• [WHAT THE EXERCISE ASKS]: All lines with the word "made" must be pulled from the entries below.
=======
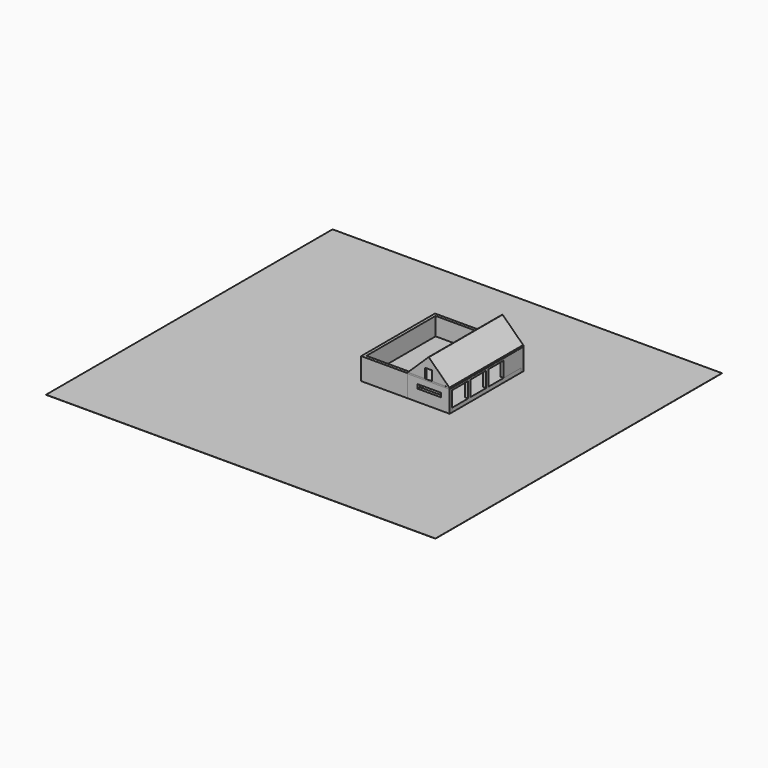
from build123d import *

# Parameters (mm, degrees)
F0_W      = 520
F0_H      = 3240
F0_H_2    = 520
F0_H_3    = 3380
F0_H_4    = 3450
F1_DEPTH  = 10
F2_DEPTH  = 3350
F3_W      = 520
F3_H      = 11110
F4_DEPTH  = 350
F5_W      = 7240
F5_H      = 200
F6_DEPTH  = 200
F7_W      = 7240
F7_H      = 15890
F8_DEPTH  = 3500
F9_SIZE2  = 3499.99999
F9_SIZE   = 3599.99999
F10_T     = 260
F11_W     = 1200
F11_H     = 1700
F12_DEPTH = 260
F13_W     = 6720
F13_H     = 14850
F14_DEPTH = 700
F15_W     = 7240
F15_H     = 15891
F16_DEPTH = 50
F17_W     = 1500
F17_H     = 2650
F18_DEPTH = 520
F19_W     = 4000
F19_H     = 700
F20_DEPTH = 520
F21_W     = 67073.4691619873
F21_H     = 61686.4318847656
F21_W_2   = 7240
F21_H_2   = 15890
F22_DEPTH = 25
F24_DEPTH = 3800
F25_W     = 7500
F25_H     = 14890
F26_DEPTH = 700


# Not quite as in the source:
# - a fillet or chamfer is up to 0.001 mm smaller than in the source, because OpenCascade refuses the exact size
# - a shell that OpenCascade refuses in one call is made with other operations: the cavity is built on its own and cut out
# - a feature names something its author has since deleted; it is built from what else it names


with BuildPart() as f1:
    # F0 (on Top) → F1 (new body)
    with BuildSketch(Plane.XY):
        Polygon((-3374.345998764, -8413.8299859681), (-3374.345998764, 6436.1700140319), (2825.654001236, 6436.1700140319), (2825.654001236, 2696.170014032), (3345.654001236, 2696.170014032), (3345.654001236, 6956.1700140319), (-3894.345998764, 6956.1700140319), (-3894.345998764, -8933.8299859681), (3345.654001236, -8933.8299859681), (3345.654001236, -8413.8299859681), (2825.654001236, -8413.8299859681), align=None)
        Polygon((2825.654001236, 6436.1700140319), (-3374.345998764, 6436.1700140319), (-3374.345998764, -8413.8299859681), (2825.654001236, -8413.8299859681), (2825.654001236, -4963.8299859681), (2825.654001236, -4443.829985968), (2825.654001236, -1063.8299859681), (2825.654001236, -543.829985968), (2825.654001236, 2696.170014032), align=None)
        with Locations((3085.654001236, 1076.170014032)):
            Rectangle(F0_W, F0_H)
        with Locations((3085.654001236, -803.829985968)):
            Rectangle(F0_W, F0_H_2)
        with Locations((3085.654001236, -2753.829985968)):
            Rectangle(F0_W, F0_H_3)
        with Locations((3085.654001236, -6688.8299859681)):
            Rectangle(F0_W, F0_H_4)
        with Locations((3085.654001236, -4703.8299859681)):
            Rectangle(F0_W, F0_H_2)
    extrude(amount=-F1_DEPTH)

    # F0 (on Top) → F2 (join)
    with BuildSketch(Plane.XY):
        with Locations((3085.654001236, -803.829985968)):
            Rectangle(F0_W, F0_H_2)
        with Locations((3085.654001236, -4703.8299859681)):
            Rectangle(F0_W, F0_H_2)
        Polygon((-3374.345998764, -8413.8299859681), (-3374.345998764, 6436.1700140319), (2825.654001236, 6436.1700140319), (2825.654001236, 2696.170014032), (3345.654001236, 2696.170014032), (3345.654001236, 6956.1700140319), (-3894.345998764, 6956.1700140319), (-3894.345998764, -8933.8299859681), (3345.654001236, -8933.8299859681), (3345.654001236, -8413.8299859681), (2825.654001236, -8413.8299859681), align=None)
    extrude(amount=F2_DEPTH)

    # F3 (on face) → F4 (join)
    with BuildSketch(Plane.XY.offset(3350)):
        Polygon((3345.654001236, 6956.1700140319), (-3894.345998764, 6956.1700140319), (-3894.345998764, -8933.8299859681), (3345.654001236, -8933.8299859681), (3345.654001236, -8413.8299859681), (2825.654001236, -8413.8299859681), (-3374.345998764, -8413.8299859681), (-3374.345998764, 6436.1700140319), (2825.654001236, 6436.1700140319), (2825.654001236, 2696.170014032), (3345.654001236, 2696.170014032), align=None)
        with Locations((3085.654001236, -2858.8299859681)):
            Rectangle(F3_W, F3_H)
    extrude(amount=F4_DEPTH)

    # F5 (on face) → F6 (join)
    with BuildSketch(Plane.XY.offset(3700)):
        with Locations((-274.345998764, 6856.1700140319)):
            Rectangle(F5_W, F5_H)
        with Locations((-274.345998764, 5649.1700140319)):
            Rectangle(F5_W, F5_H)
        with Locations((-274.345998764, 4442.1700140319)):
            Rectangle(F5_W, F5_H)
        with Locations((-274.345998764, 3235.1700140319)):
            Rectangle(F5_W, F5_H)
        with Locations((-274.345998764, 2028.1700140319)):
            Rectangle(F5_W, F5_H)
        with Locations((-274.345998764, 821.1700140319)):
            Rectangle(F5_W, F5_H)
        with Locations((-274.345998764, -385.8299859681)):
            Rectangle(F5_W, F5_H)
        with Locations((-274.345998764, -1592.8299859681)):
            Rectangle(F5_W, F5_H)
        with Locations((-274.345998764, -2799.8299859681)):
            Rectangle(F5_W, F5_H)
        with Locations((-274.345998764, -4006.8299859681)):
            Rectangle(F5_W, F5_H)
        with Locations((-274.345998764, -5213.8299859681)):
            Rectangle(F5_W, F5_H)
        with Locations((-274.345998764, -6420.8299859681)):
            Rectangle(F5_W, F5_H)
        with Locations((-274.345998764, -7627.8299859681)):
            Rectangle(F5_W, F5_H)
        with Locations((-274.345998764, -8834.8299859681)):
            Rectangle(F5_W, F5_H)
    extrude(amount=F6_DEPTH)

    # F17 (on face) → F18 (cut)
    with BuildSketch(Plane(origin=(-3894.345998764, 0, 0), x_dir=(0, -1, 0), z_dir=(-1, 0, 0))):
        with Locations((5683.8299859681, 2025)):
            Rectangle(F17_W, F17_H)
        with Locations((1683.8299859681, 2025)):
            Rectangle(F17_W, F17_H)
        with Locations((-2316.1700140319, 2025)):
            Rectangle(F17_W, F17_H)
    extrude(amount=-F18_DEPTH, mode=Mode.SUBTRACT)

    # F19 (on face) → F20 (cut)
    with BuildSketch(Plane.XZ.offset(8933.8299859681)):
        with Locations((-154.345998764, 2350)):
            Rectangle(F19_W, F19_H)
    extrude(amount=-F20_DEPTH, mode=Mode.SUBTRACT)


with BuildPart() as f8:
    # F7 (on face) → F8 (new body)
    with BuildSketch(Plane.XY.offset(3900)):
        with Locations((-274.345998764, -988.8299859681)):
            Rectangle(F7_W, F7_H)
    extrude(amount=F8_DEPTH)

    # F9 (size 3600 and 3500 in the source; OpenCascade refuses exactly that, so slightly less here)
    f9_edges = [f8.edges().sort_by_distance(p)[0] for p in [
        (-3894.345999, -988.829986, 7400),
        (3345.654001, -988.829986, 7400),
    ]]
    f9_side = f8.faces().sort_by_distance((-274.345999, -988.829986, 7400))[0]
    chamfer(f9_edges, length=F9_SIZE, length2=F9_SIZE2, reference=f9_side)

    # F10: shell of thickness 260, made by hand


with BuildPart() as f10_core1:
    # F10_t2: copy of F8
    add(f8.part)

    # the walls: a layer under each face that stays
    f10_faces = [f10_core1.faces().sort_by_distance(p)[0] for p in [
        (-274.3459987642, -8933.8299859681, 5650.0000000001),
        (-3894.345998764, -988.8299859681, 3900.0000050002),
        (-2094.3460037642, -988.8299859681, 5650.0000050002),
        (-274.345998764, -988.8299859681, 7400),
        (3345.654001236, -988.8299859681, 3900.0000050002),
        (1545.6540062361, -988.8299859681, 5650.0000050002),
        (-274.3459987639, 6956.1700140319, 5650.0000000001),
    ]]
    thicken(f10_faces, amount=-F10_T, mode=Mode.SUBTRACT)


with BuildPart() as f8_1:
    add(f8.part)

    # what is left inside the walls is the cavity
    f10_cavity = [f10_core1.part.solids().sort_by_distance(p)[0] for p in [
        (-274.345999, -3550.496653, 3902.6),
    ]]
    add(f10_cavity, mode=Mode.SUBTRACT)

    # F11 (on face) → F12 (cut)
    with BuildSketch(Plane.XZ.offset(8933.8299859681)):
        with Locations((-274.345998764, 4750)):
            Rectangle(F11_W, F11_H)
    extrude(amount=-F12_DEPTH, mode=Mode.SUBTRACT)


with BuildPart() as f14:
    # F13 (on face) → F14 (new body)
    with BuildSketch(Plane.XY):
        with Locations((-14.345998764, -988.8299859681)):
            Rectangle(F13_W, F13_H)
    extrude(amount=F14_DEPTH)


with BuildPart() as f16:
    # F15 (on face) → F16 (new body)
    with BuildSketch(Plane.XY.offset(3900)):
        with Locations((-274.345998764, -989.3299859681)):
            Rectangle(F15_W, F15_H)
    extrude(amount=F16_DEPTH)


with BuildPart() as f22:
    # F21 (on face) → F22 (new body)
    with BuildSketch(Plane(origin=(0, 0, -10), x_dir=(1, 0, 0), z_dir=(0, 0, -1))):
        with Locations((-8991.9595718384, 7652.2979736328)):
            Rectangle(F21_W, F21_H)
        with Locations((-274.345998764, 988.8299859681)):
            Rectangle(F21_W_2, F21_H_2, mode=Mode.SUBTRACT)
    extrude(amount=F22_DEPTH)


with BuildPart() as f24:
    # F23 (on face) → F24 (new body)
    with BuildSketch(Plane.XY.offset(-10)):
        Polygon((-3894.345998764, 6456.1700140319), (-3894.345998764, 6956.1700140319), (-11894.345998764, 6956.1700140319), (-11894.345998764, -8933.8299859681), (-3894.345998764, -8933.8299859681), (-3894.345998764, -8433.8299859681), (-11394.345998764, -8433.8299859681), (-11394.345998764, 6456.1700140319), align=None)
    extrude(amount=F24_DEPTH)


with BuildPart() as f26:
    # F25 (on face) → F26 (new body)
    with BuildSketch(Plane.XY.offset(-10)):
        with Locations((-7644.345998764, -988.8299859681)):
            Rectangle(F25_W, F25_H)
    extrude(amount=F26_DEPTH)


solid = Compound([f1.part, f8_1.part, f14.part, f16.part, f22.part, f24.part, f26.part])
=======
• [EXERCISE SOLUTION]:
# - a shell that OpenCascade refuses in one call is made with other operations: the cavity is built on its own and cut out
    # F10: shell of thickness 260, made by hand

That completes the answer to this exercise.